Moving ahead with trepidation: we find our floft (loft+flat = floft in case you're new to the game), move in, and meet a couple neighbors right off the bat who seem potentially friendly during the move-in process...And some who don't.

Our hopes lifted ever-so-slightly-ish.

A few weeks go by, and once we'd settled in and collected enough chairs for company, we decided to host a Hot Cider Social and take a stab at blindly inviting the people who live behind the doors of the "Back Alley" - the length of our hall has maybe 8 doors or so, and 6 of us have our own entrances, so we don't necessarily run into each other coming and going inside the building. Jesse's cautiously optimistic that maybe 2 will show. I had zero expectations. A day of crickets went by, but then lo and behold the RSVPs start rolling in!
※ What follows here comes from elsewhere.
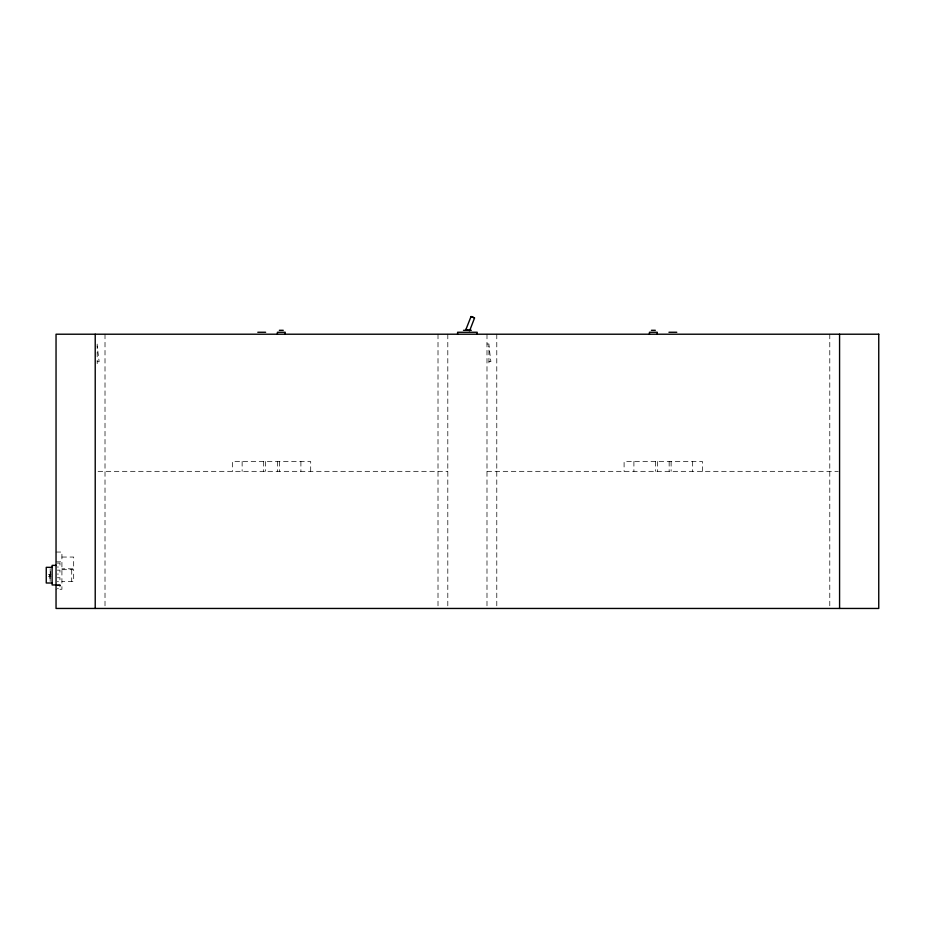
<?xml version="1.0" encoding="UTF-8"?>
<svg xmlns="http://www.w3.org/2000/svg" width="925" height="925" viewBox="0 0 925 925"><rect width="100%" height="100%" fill="white"/><g stroke="black" fill="none" stroke-linecap="round" stroke-linejoin="round"><path stroke-width="0.69" stroke-dasharray="4.62 3.47" d="M486.989 344.007L488.943 344.007L488.943 363.606L486.989 363.606M97.183 361.733L99.137 361.733L97.183 346.054M488.943 361.64L490.897 361.64L488.943 345.973M98.085 471.334L447.804 471.334M486.989 471.334L838.258 471.334M56.043 552.052L61.917 552.052L61.917 589.271L56.043 589.271M61.917 557.047L73.676 557.047L73.676 568.806L61.917 568.806M56.043 561.845L61.917 561.845M57.35 563.105L59.963 563.105L59.963 567.025L57.35 567.025M61.917 569.684L73.676 569.684L73.676 581.432L61.917 581.432M57.35 570.158L59.963 570.158L59.963 574.078L57.35 574.078M48.458 574.425L51.06 574.425M48.458 576.379L51.06 576.379M57.35 577.755L59.963 577.755L59.963 581.675L57.35 581.675M57.35 584.797L59.963 584.797L59.963 588.716L57.35 588.716M56.043 585.097L61.917 585.097M56.043 585.352L61.917 585.352M829.783 334.214L829.783 607.008M702.457 471.334L702.457 461.54L624.097 461.54L624.097 471.334M692.663 461.54L692.663 471.334M671.111 461.54L671.111 471.334M669.157 461.54L669.157 471.334M657.397 461.54L657.397 471.334M655.443 461.54L655.443 471.334M633.903 461.54L633.903 471.334M496.783 334.214L496.783 607.008M486.989 334.214L486.989 607.008M447.804 334.214L447.804 607.008M438.011 334.214L438.011 607.008M310.696 471.334L310.696 461.54L232.337 461.54L232.337 471.334M300.903 461.54L300.903 471.334M279.35 461.54L279.35 471.334M277.396 461.54L277.396 471.334M265.637 461.54L265.637 471.334M263.683 461.54L263.683 471.334M242.13 461.54L242.13 471.334M105.011 334.214L105.011 607.008M97.183 344.1L97.183 363.687M71.711 569.684L71.711 581.432M50.17 568.759L50.17 581.582M49.73 574.159C50.227 589.873 51.349 562.955 49.73 574.159M49.95 574.656C50.135 581.455 50.69 570.205 49.95 574.656"/><path stroke-width="1.39" d="M466.616 329.566L466.003 329.3L471.033 316.547L472.733 317.171M471.033 316.547L474.583 317.922L469.634 330.722L466.027 329.3M279.35 330.306L283.27 330.306M463.483 330.306L471.311 330.306M651.408 330.306L655.328 330.306M257.798 332.26L265.637 332.26M668.948 332.26L676.776 332.26M56.043 565.372L52.124 565.372L52.124 584.958L56.043 584.958M52.124 567.337L46.25 567.337L46.25 583.004L52.124 583.004M473.866 317.703L472.976 317.356M839.576 334.214L839.576 608.453M657.282 334.214L657.282 332.26L649.442 332.26L649.442 334.214M477.196 334.214L477.196 332.26L457.597 332.26L457.597 334.214M285.224 334.214L285.224 332.26L277.396 332.26L277.396 334.214M95.217 334.214L95.217 608.453M878.75 334.214L56.043 334.214L56.043 608.453L878.75 608.453L878.75 334.214"/></g></svg>

Nearly every.single.neighbor. came by for a bit during that open-house style social, and most of them were meeting each other for the first time (even though some have lived here for years! What??!). We've gotten together with many of them often since then...some for dessert, some for wine, some for tea, some for dinner, some to celebrate, some for conversation on the terrace... It's been such a gift getting to know these people!

Nothing makes my heart happier than a neighbor popping in wearing socks and sweats to share some snacks and what's been going on lately in their life - or a neighbor knocking on the door on their way home from work excited to tell us about their new job offer - or a neighbors girl's day complete with manis and face masks - one bringing over a DVD they thought we would enjoy - or many tea times full of relaxed newsy put-your-feet-up chat - or one texting to borrow a blow dryer - another to borrow some fresh lemon - or one bringing over some stew to share that came out extra yummy... 

We just adore our neighbors, are so thankful to find that community in apartment complexes CAN exist, and already feel a little tinge of sadness that we all won't be living here on the back alley together forever!